**Work task**
Look through the entries below and count the lines with the word "board" in them; give only the number.

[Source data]

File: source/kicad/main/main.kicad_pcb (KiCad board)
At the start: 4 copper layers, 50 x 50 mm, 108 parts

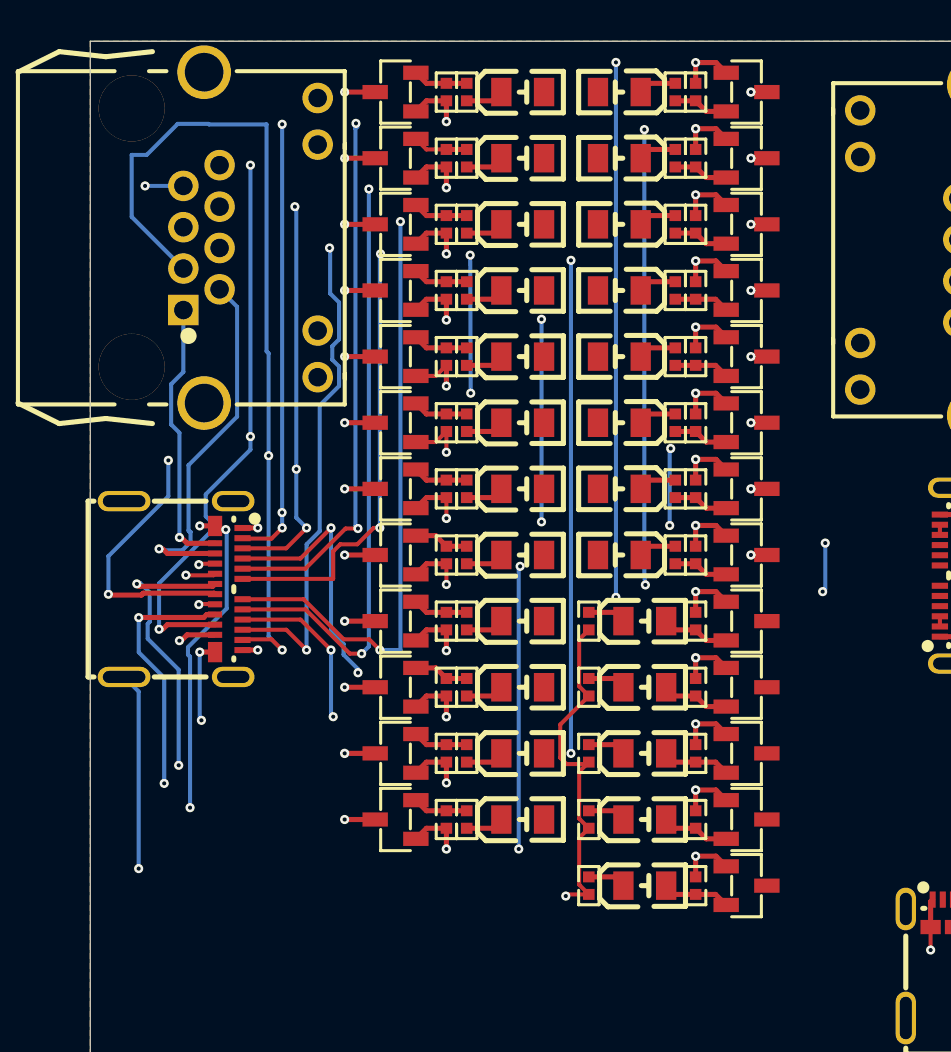
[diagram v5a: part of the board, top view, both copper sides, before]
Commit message: Bugfixes 1.0.0; WIP; Not exported yet.
- Fixed USB-C PD resistors
- Improved part-picking
- Fixed LedIndicator (wrong PowerSwitch usage)
- Reduced LED brightness
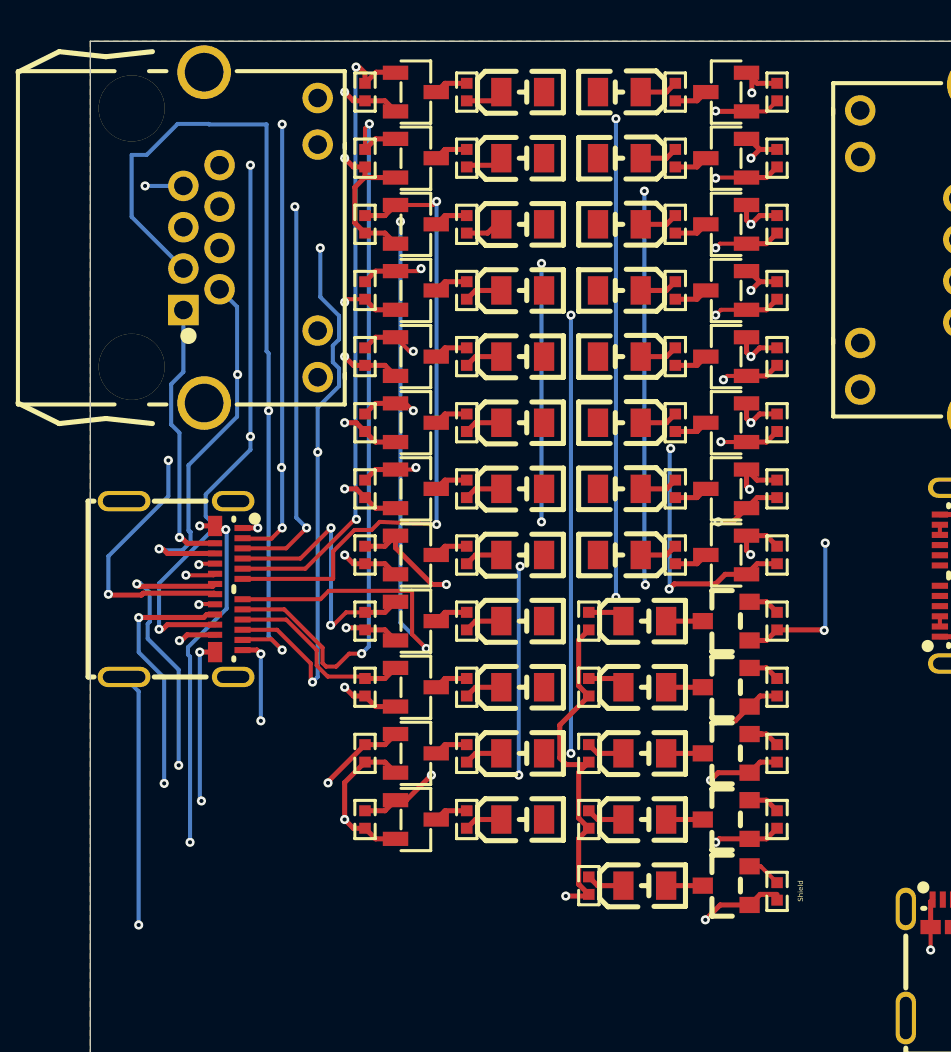
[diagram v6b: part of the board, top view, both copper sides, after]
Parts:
- removed tester.cc1.indicator.led.current_limiting_resistor[Resistor:300Ω], tester.cc2.indicator.led.current_limiting_resistor[Resistor:300Ω], tester.d1[0].indicator.led.current_limiting_resistor[Resistor:300Ω], tester.d1[1].indicator.led.current_limiting_resistor[Resistor:300Ω], tester.d2[0].indicator.led.current_limiting_resistor[Resistor:300Ω], tester.d2[1].indicator.led.current_limiting_resistor[Resistor:300Ω], tester.gnd[0].indicator.led.current_limiting_resistor[Resistor:300Ω], tester.gnd[1].indicator.led.current_limiting_resistor[Resistor:300Ω], tester.gnd[2].indicator.led.current_limiting_resistor[Resistor:300Ω], tester.gnd[3].indicator.led.current_limiting_resistor[Resistor:300Ω], tester.pair1_rx1[0].indicator.led.current_limiting_resistor[Resistor:300Ω], tester.pair1_rx1[1].indicator.led.current_limiting_resistor[Resistor:300Ω], tester.pair2_rx2[0].indicator.led.current_limiting_resistor[Resistor:300Ω], tester.pair2_rx2[1].indicator.led.current_limiting_resistor[Resistor:300Ω], tester.pair3_tx1[0].indicator.led.current_limiting_resistor[Resistor:300Ω], tester.pair3_tx1[1].indicator.led.current_limiting_resistor[Resistor:300Ω], tester.pair4_tx2[0].indicator.led.current_limiting_resistor[Resistor:300Ω], tester.pair4_tx2[1].indicator.led.current_limiting_resistor[Resistor:300Ω], tester.sbu1.indicator.led.current_limiting_resistor[Resistor:300Ω], tester.sbu2.indicator.led.current_limiting_resistor[Resistor:300Ω], tester.shield.indicator.led.current_limiting_resistor[Resistor:300Ω], tester.vbus[0].indicator.led.current_limiting_resistor[Resistor:300Ω], tester.vbus[1].indicator.led.current_limiting_resistor[Resistor:300Ω], tester.vbus[2].indicator.led.current_limiting_resistor[Resistor:300Ω], tester.vbus[3].indicator.led.current_limiting_resistor[Resistor:300Ω]: 300Ω, lcsc:R0402
- added tester.cc1.indicator.led.current_limiting_resistor[Resistor:1KΩ]: 1KΩ, lcsc:R0402, F.Cu at (18.5, 2.50)
- added tester.cc2.indicator.led.current_limiting_resistor[Resistor:1KΩ]: 1KΩ, lcsc:R0402, F.Cu at (28.8, 2.50)
- added tester.d1[0].indicator.led.current_limiting_resistor[Resistor:1KΩ]: 1KΩ, lcsc:R0402, F.Cu at (18.5, 9.00)
- added tester.d1[1].indicator.led.current_limiting_resistor[Resistor:1KΩ]: 1KΩ, lcsc:R0402, F.Cu at (28.8, 9.00)
- added tester.d2[0].indicator.led.current_limiting_resistor[Resistor:1KΩ]: 1KΩ, lcsc:R0402, F.Cu at (18.5, 12.2)
- added tester.d2[1].indicator.led.current_limiting_resistor[Resistor:1KΩ]: 1KΩ, lcsc:R0402, F.Cu at (28.8, 12.2)
- added tester.gnd[0].indicator.led.current_limiting_resistor[Resistor:1KΩ]: 1KΩ, lcsc:R0402, F.Cu at (24.5, 28.5)
- added tester.gnd[1].indicator.led.current_limiting_resistor[Resistor:1KΩ]: 1KΩ, lcsc:R0402, F.Cu at (24.5, 31.8)
- added tester.gnd[2].indicator.led.current_limiting_resistor[Resistor:1KΩ]: 1KΩ, lcsc:R0402, F.Cu at (24.5, 35.0)
- added tester.gnd[3].indicator.led.current_limiting_resistor[Resistor:1KΩ]: 1KΩ, lcsc:R0402, F.Cu at (24.5, 38.2)
- added tester.pair1_rx1[0].indicator.led.current_limiting_resistor[Resistor:1KΩ]: 1KΩ, lcsc:R0402, F.Cu at (18.5, 15.5)
- added tester.pair1_rx1[1].indicator.led.current_limiting_resistor[Resistor:1KΩ]: 1KΩ, lcsc:R0402, F.Cu at (28.8, 15.5)
- added tester.pair2_rx2[0].indicator.led.current_limiting_resistor[Resistor:1KΩ]: 1KΩ, lcsc:R0402, F.Cu at (18.5, 18.8)
- added tester.pair2_rx2[1].indicator.led.current_limiting_resistor[Resistor:1KΩ]: 1KΩ, lcsc:R0402, F.Cu at (28.8, 18.8)
- added tester.pair3_tx1[0].indicator.led.current_limiting_resistor[Resistor:1KΩ]: 1KΩ, lcsc:R0402, F.Cu at (18.5, 22.0)
- added tester.pair3_tx1[1].indicator.led.current_limiting_resistor[Resistor:1KΩ]: 1KΩ, lcsc:R0402, F.Cu at (28.8, 22.0)
- added tester.pair4_tx2[0].indicator.led.current_limiting_resistor[Resistor:1KΩ]: 1KΩ, lcsc:R0402, F.Cu at (18.5, 25.2)
- added tester.pair4_tx2[1].indicator.led.current_limiting_resistor[Resistor:1KΩ]: 1KΩ, lcsc:R0402, F.Cu at (28.8, 25.2)
- added tester.sbu1.indicator.led.current_limiting_resistor[Resistor:1KΩ]: 1KΩ, lcsc:R0402, F.Cu at (18.5, 5.75)
- added tester.sbu2.indicator.led.current_limiting_resistor[Resistor:1KΩ]: 1KΩ, lcsc:R0402, F.Cu at (28.8, 5.75)
- added tester.shield.indicator.led.current_limiting_resistor[Resistor:1KΩ]: 1KΩ, lcsc:R0402, F.Cu at (24.5, 41.5)
- added tester.vbus[0].indicator.led.current_limiting_resistor[Resistor:1KΩ]: 1KΩ, lcsc:R0402, F.Cu at (18.5, 28.5)
- added tester.vbus[1].indicator.led.current_limiting_resistor[Resistor:1KΩ]: 1KΩ, lcsc:R0402, F.Cu at (18.5, 31.8)
- added tester.vbus[2].indicator.led.current_limiting_resistor[Resistor:1KΩ]: 1KΩ, lcsc:R0402, F.Cu at (18.5, 35.0)
- added tester.vbus[3].indicator.led.current_limiting_resistor[Resistor:1KΩ]: 1KΩ, lcsc:R0402, F.Cu at (18.5, 38.2)
- tester.gnd[0].indicator.power_switch.mosfet[MOSFET:Q], tester.gnd[1].indicator.power_switch.mosfet[MOSFET:Q], tester.gnd[2].indicator.power_switch.mosfet[MOSFET:Q], tester.gnd[3].indicator.power_switch.mosfet[MOSFET:Q], tester.shield.indicator.power_switch.mosfet[MOSFET:Q]: footprint lcsc:SOT-23-3_L2.9-W1.3-P1.90-LS2.4-BR -> lcsc:SOT-23_L2.9-W1.3-P1.90-LS2.4-BR
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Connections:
- net psu.usb[USB_C_Receptacle:x]-psu.configuration_resistors[1][Resistor:5.0KΩ] renamed psu.configuration_resistors[1][Resistor:5.0KΩ]-psu.usb[USB_C_Receptacle:x]
- net tester.d1[0].indicator.power_switch[PowerSwitch:virt]-tester.d1[0][PairTester:virt]:4-tester.d1[0].i renamed tester.d1[0].indicator[LEDIndicator:virt]-tester.d1[0].indicator.power_switch[PowerSwitch:virt]-test
- net tester.d1[1].indicator.power_switch[PowerSwitch:virt]-tester.d1[1].indicator[LEDIndicator:virt]-test renamed tester.d1[1].indicator.power_switch[PowerSwitch:virt]-tester.d1[1][PairTester:virt]:4-tester.d1[1].i
- net tester.d2[0][PairTester:virt]:4-tester.d2[0].indicator.power_switch[PowerSwitch:virt]-tester.d2[0].i renamed tester.d2[0][PairTester:virt]:4-tester.d2[0].indicator[LEDIndicator:virt]-tester.d2[0].indicator.pow
- net tester.d2[1].indicator.power_switch[PowerSwitch:virt]-tester.d2[1][PairTester:virt]:4-tester.d2[1].i renamed tester.d2[1].indicator.power_switch[PowerSwitch:virt]-tester.d2[1].indicator[LEDIndicator:virt]-test
- net tester.gnd[0].indicator[LEDIndicator:virt]-tester.gnd[0][PairTester:virt]:4-tester.gnd[0].indicator. renamed tester.gnd[0][PairTester:virt]:4-tester.gnd[0].indicator[LEDIndicator:virt]-tester.gnd[0].indicator.
- net tester.gnd[1].indicator[LEDIndicator:virt]-tester.gnd[1][PairTester:virt]:4-tester.gnd[1].indicator. renamed tester.gnd[1][PairTester:virt]:4-tester.gnd[1].indicator.power_switch[PowerSwitch:virt]-tester.gnd[1
- net tester.gnd[2].indicator[LEDIndicator:virt]-tester.gnd[2][PairTester:virt]:4-tester.gnd[2].indicator. renamed tester.gnd[2][PairTester:virt]:4-tester.gnd[2].indicator.power_switch[PowerSwitch:virt]-tester.gnd[2
- net tester.gnd[3][PairTester:virt]:4-tester.gnd[3].indicator[LEDIndicator:virt]-tester.gnd[3].indicator. renamed tester.gnd[3][PairTester:virt]:4-tester.gnd[3].indicator.power_switch[PowerSwitch:virt]-tester.gnd[3
- net tester.pair2_rx2[0].indicator.power_switch[PowerSwitch:virt]-tester.pair2_rx2[0].indicator[LEDIndica renamed tester.pair2_rx2[0].indicator[LEDIndicator:virt]-tester.pair2_rx2[0].indicator.power_switch[PowerSwi
- net tester.pair3_tx1[0].indicator[LEDIndicator:virt]-tester.pair3_tx1[0][PairTester:virt]:4-tester.pair3 renamed tester.pair3_tx1[0].indicator[LEDIndicator:virt]-tester.pair3_tx1[0].indicator.power_switch[PowerSwi
- net tester.pair3_tx1[1].indicator[LEDIndicator:virt]-tester.pair3_tx1[1][PairTester:virt]:4-tester.pair3 renamed tester.pair3_tx1[1].indicator.power_switch[PowerSwitch:virt]-tester.pair3_tx1[1].indicator[LEDIndica
- net tester.pair4_tx2[0].indicator.power_switch[PowerSwitch:virt]-tester.pair4_tx2[0].indicator[LEDIndica renamed tester.pair4_tx2[0].indicator[LEDIndicator:virt]-tester.pair4_tx2[0][PairTester:virt]:4-tester.pair4
- net tester.pair4_tx2[1][PairTester:virt]:4-tester.pair4_tx2[1].indicator[LEDIndicator:virt]-tester.pair4 renamed tester.pair4_tx2[1].indicator[LEDIndicator:virt]-tester.pair4_tx2[1].indicator.power_switch[PowerSwi
- net tester.sbu1.indicator[LEDIndicator:virt]-tester.sbu1.indicator.power_switch[PowerSwitch:virt]-tester renamed tester.sbu1[PairTester:virt]:4-tester.sbu1.indicator[LEDIndicator:virt]-tester.sbu1.indicator.power_
- net tester.shield[PairTester:virt]:4-tester.shield.indicator[LEDIndicator:virt]-tester.shield.indicator. renamed tester.shield.indicator.power_switch[PowerSwitch:virt]-tester.shield[PairTester:virt]:4-tester.shiel
- net tester.vbus[0].indicator[LEDIndicator:virt]-tester.vbus[0][PairTester:virt]:4-tester.vbus[0].indicat renamed tester.vbus[0][PairTester:virt]:4-tester.vbus[0].indicator.power_switch[PowerSwitch:virt]-tester.vbu
- net tester.vbus[1].indicator.power_switch[PowerSwitch:virt]-tester.vbus[1][PairTester:virt]:4-tester.vbu renamed tester.vbus[1][PairTester:virt]:4-tester.vbus[1].indicator[LEDIndicator:virt]-tester.vbus[1].indicat
- net tester.vbus[3][PairTester:virt]:4-tester.vbus[3].indicator.power_switch[PowerSwitch:virt]-tester.vbu renamed tester.vbus[3].indicator[LEDIndicator:virt]-tester.vbus[3].indicator.power_switch[PowerSwitch:virt]-
- psu.configuration_resistors[0][Resistor:5.0KΩ] pad 2: tester.pair1_rx1[1][PairTester:virt]:2-tester.cc1[PairTester:virt]:2-tester.gnd[0].indicator.power_s -> tester.pair1_rx1[0][PairTester:virt]:2-tester.d1[1].indicator[LEDIndicator:virt]:3-tester.sbu2.indic
- psu.configuration_resistors[1][Resistor:5.0KΩ] pad 2: tester.pair1_rx1[1][PairTester:virt]:2-tester.cc1[PairTester:virt]:2-tester.gnd[0].indicator.power_s -> tester.pair1_rx1[0][PairTester:virt]:2-tester.d1[1].indicator[LEDIndicator:virt]:3-tester.sbu2.indic
- psu.usb[USB_C_Receptacle:x] pad A1: tester.pair1_rx1[1][PairTester:virt]:2-tester.cc1[PairTester:virt]:2-tester.gnd[0].indicator.power_s -> tester.pair1_rx1[0][PairTester:virt]:2-tester.d1[1].indicator[LEDIndicator:virt]:3-tester.sbu2.indic
- psu.usb[USB_C_Receptacle:x] pad A12: tester.pair1_rx1[1][PairTester:virt]:2-tester.cc1[PairTester:virt]:2-tester.gnd[0].indicator.power_s -> tester.pair1_rx1[0][PairTester:virt]:2-tester.d1[1].indicator[LEDIndicator:virt]:3-tester.sbu2.indic
- psu.usb[USB_C_Receptacle:x] pad A4: tester.d1[1].indicator.power_switch[PowerSwitch:virt]:4-tester.pair1_rx1[0].indicator.power_switch[P -> tester.shield.indicator.power_switch[PowerSwitch:virt]:2-tester.d1[1].indicator.power_switch[PowerSw
- psu.usb[USB_C_Receptacle:x] pad A9: tester.d1[1].indicator.power_switch[PowerSwitch:virt]:4-tester.pair1_rx1[0].indicator.power_switch[P -> tester.shield.indicator.power_switch[PowerSwitch:virt]:2-tester.d1[1].indicator.power_switch[PowerSw
- psu.usb[USB_C_Receptacle:x] pad B1: tester.pair1_rx1[1][PairTester:virt]:2-tester.cc1[PairTester:virt]:2-tester.gnd[0].indicator.power_s -> tester.pair1_rx1[0][PairTester:virt]:2-tester.d1[1].indicator[LEDIndicator:virt]:3-tester.sbu2.indic
- psu.usb[USB_C_Receptacle:x] pad B12: tester.pair1_rx1[1][PairTester:virt]:2-tester.cc1[PairTester:virt]:2-tester.gnd[0].indicator.power_s -> tester.pair1_rx1[0][PairTester:virt]:2-tester.d1[1].indicator[LEDIndicator:virt]:3-tester.sbu2.indic
- psu.usb[USB_C_Receptacle:x] pad B4: tester.d1[1].indicator.power_switch[PowerSwitch:virt]:4-tester.pair1_rx1[0].indicator.power_switch[P -> tester.shield.indicator.power_switch[PowerSwitch:virt]:2-tester.d1[1].indicator.power_switch[PowerSw
- psu.usb[USB_C_Receptacle:x] pad B9: tester.d1[1].indicator.power_switch[PowerSwitch:virt]:4-tester.pair1_rx1[0].indicator.power_switch[P -> tester.shield.indicator.power_switch[PowerSwitch:virt]:2-tester.d1[1].indicator.power_switch[PowerSw
- tester.cc1.indicator.led.led[LED:D] pad 1: tester.d1[1].indicator.power_switch[PowerSwitch:virt]:4-tester.pair1_rx1[0].indicator.power_switch[P -> tester.shield.indicator.power_switch[PowerSwitch:virt]:2-tester.d1[1].indicator.power_switch[PowerSw
- tester.cc1.indicator.led.led[LED:D] pad 2: tester.cc1.indicator.led.led[LED:D]-tester.cc1.indicator.led.current_limiting_resistor[Resistor:300Ω] -> tester.cc1.indicator.led.current_limiting_resistor[Resistor:1KΩ]-tester.cc1.indicator.led.led[LED:D]
- tester.cc1.indicator.power_switch.mosfet[MOSFET:Q] pad 2: tester.cc1.indicator.led[PoweredLED:virt]:2-tester.cc1.indicator.power_switch[PowerSwitch:virt]:3 -> tester.pair1_rx1[0][PairTester:virt]:2-tester.d1[1].indicator[LEDIndicator:virt]:3-tester.sbu2.indic
- tester.cc1.indicator.power_switch.mosfet[MOSFET:Q] pad 3: tester.pair1_rx1[1][PairTester:virt]:2-tester.cc1[PairTester:virt]:2-tester.gnd[0].indicator.power_s -> tester.cc1.indicator.led[PoweredLED:virt]:2-tester.cc1.indicator.power_switch[PowerSwitch:virt]:5
- tester.cc1.indicator.power_switch.pull_resistor[Resistor:100KΩ] pad 2: tester.cc1.indicator.led[PoweredLED:virt]:2-tester.cc1.indicator.power_switch[PowerSwitch:virt]:3 -> tester.pair1_rx1[0][PairTester:virt]:2-tester.d1[1].indicator[LEDIndicator:virt]:3-tester.sbu2.indic
- tester.cc2.indicator.led.led[LED:D] pad 1: tester.d1[1].indicator.power_switch[PowerSwitch:virt]:4-tester.pair1_rx1[0].indicator.power_switch[P -> tester.shield.indicator.power_switch[PowerSwitch:virt]:2-tester.d1[1].indicator.power_switch[PowerSw
- tester.cc2.indicator.led.led[LED:D] pad 2: tester.cc2.indicator.led.current_limiting_resistor[Resistor:300Ω]-tester.cc2.indicator.led.led[LED:D] -> tester.cc2.indicator.led.current_limiting_resistor[Resistor:1KΩ]-tester.cc2.indicator.led.led[LED:D]
- tester.cc2.indicator.power_switch.mosfet[MOSFET:Q] pad 2: tester.cc2.indicator.power_switch[PowerSwitch:virt]:3-tester.cc2.indicator.led[PoweredLED:virt]:2 -> tester.pair1_rx1[0][PairTester:virt]:2-tester.d1[1].indicator[LEDIndicator:virt]:3-tester.sbu2.indic
- tester.cc2.indicator.power_switch.mosfet[MOSFET:Q] pad 3: tester.pair1_rx1[1][PairTester:virt]:2-tester.cc1[PairTester:virt]:2-tester.gnd[0].indicator.power_s -> tester.cc2.indicator.led[PoweredLED:virt]:2-tester.cc2.indicator.power_switch[PowerSwitch:virt]:5
- tester.cc2.indicator.power_switch.pull_resistor[Resistor:100KΩ] pad 2: tester.cc2.indicator.power_switch[PowerSwitch:virt]:3-tester.cc2.indicator.led[PoweredLED:virt]:2 -> tester.pair1_rx1[0][PairTester:virt]:2-tester.d1[1].indicator[LEDIndicator:virt]:3-tester.sbu2.indic
- tester.d1[0].indicator.led.led[LED:D] pad 1: tester.d1[1].indicator.power_switch[PowerSwitch:virt]:4-tester.pair1_rx1[0].indicator.power_switch[P -> tester.shield.indicator.power_switch[PowerSwitch:virt]:2-tester.d1[1].indicator.power_switch[PowerSw
- tester.d1[0].indicator.led.led[LED:D] pad 2: tester.d1[0].indicator.led.led[LED:D]-tester.d1[0].indicator.led.current_limiting_resistor[Resistor:300Ω] -> tester.d1[0].indicator.led.led[LED:D]-tester.d1[0].indicator.led.current_limiting_resistor[Resistor:1KΩ]
- tester.d1[0].indicator.power_switch.mosfet[MOSFET:Q] pad 2: tester.d1[0].indicator.led[PoweredLED:virt]:2-tester.d1[0].indicator.power_switch[PowerSwitch:virt]: -> tester.pair1_rx1[0][PairTester:virt]:2-tester.d1[1].indicator[LEDIndicator:virt]:3-tester.sbu2.indic
- tester.d1[0].indicator.power_switch.mosfet[MOSFET:Q] pad 3: tester.pair1_rx1[1][PairTester:virt]:2-tester.cc1[PairTester:virt]:2-tester.gnd[0].indicator.power_s -> tester.d1[0].indicator.power_switch[PowerSwitch:virt]:5-tester.d1[0].indicator.led[PoweredLED:virt]:
- tester.d1[0].indicator.power_switch.pull_resistor[Resistor:100KΩ] pad 2: tester.d1[0].indicator.led[PoweredLED:virt]:2-tester.d1[0].indicator.power_switch[PowerSwitch:virt]: -> tester.pair1_rx1[0][PairTester:virt]:2-tester.d1[1].indicator[LEDIndicator:virt]:3-tester.sbu2.indic
- tester.d1[1].indicator.led.led[LED:D] pad 1: tester.d1[1].indicator.power_switch[PowerSwitch:virt]:4-tester.pair1_rx1[0].indicator.power_switch[P -> tester.shield.indicator.power_switch[PowerSwitch:virt]:2-tester.d1[1].indicator.power_switch[PowerSw
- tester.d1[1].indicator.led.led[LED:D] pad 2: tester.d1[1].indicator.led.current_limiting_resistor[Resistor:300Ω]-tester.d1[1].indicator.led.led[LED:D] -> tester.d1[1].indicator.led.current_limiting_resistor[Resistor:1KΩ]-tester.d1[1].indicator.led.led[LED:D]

**Exercise output**
3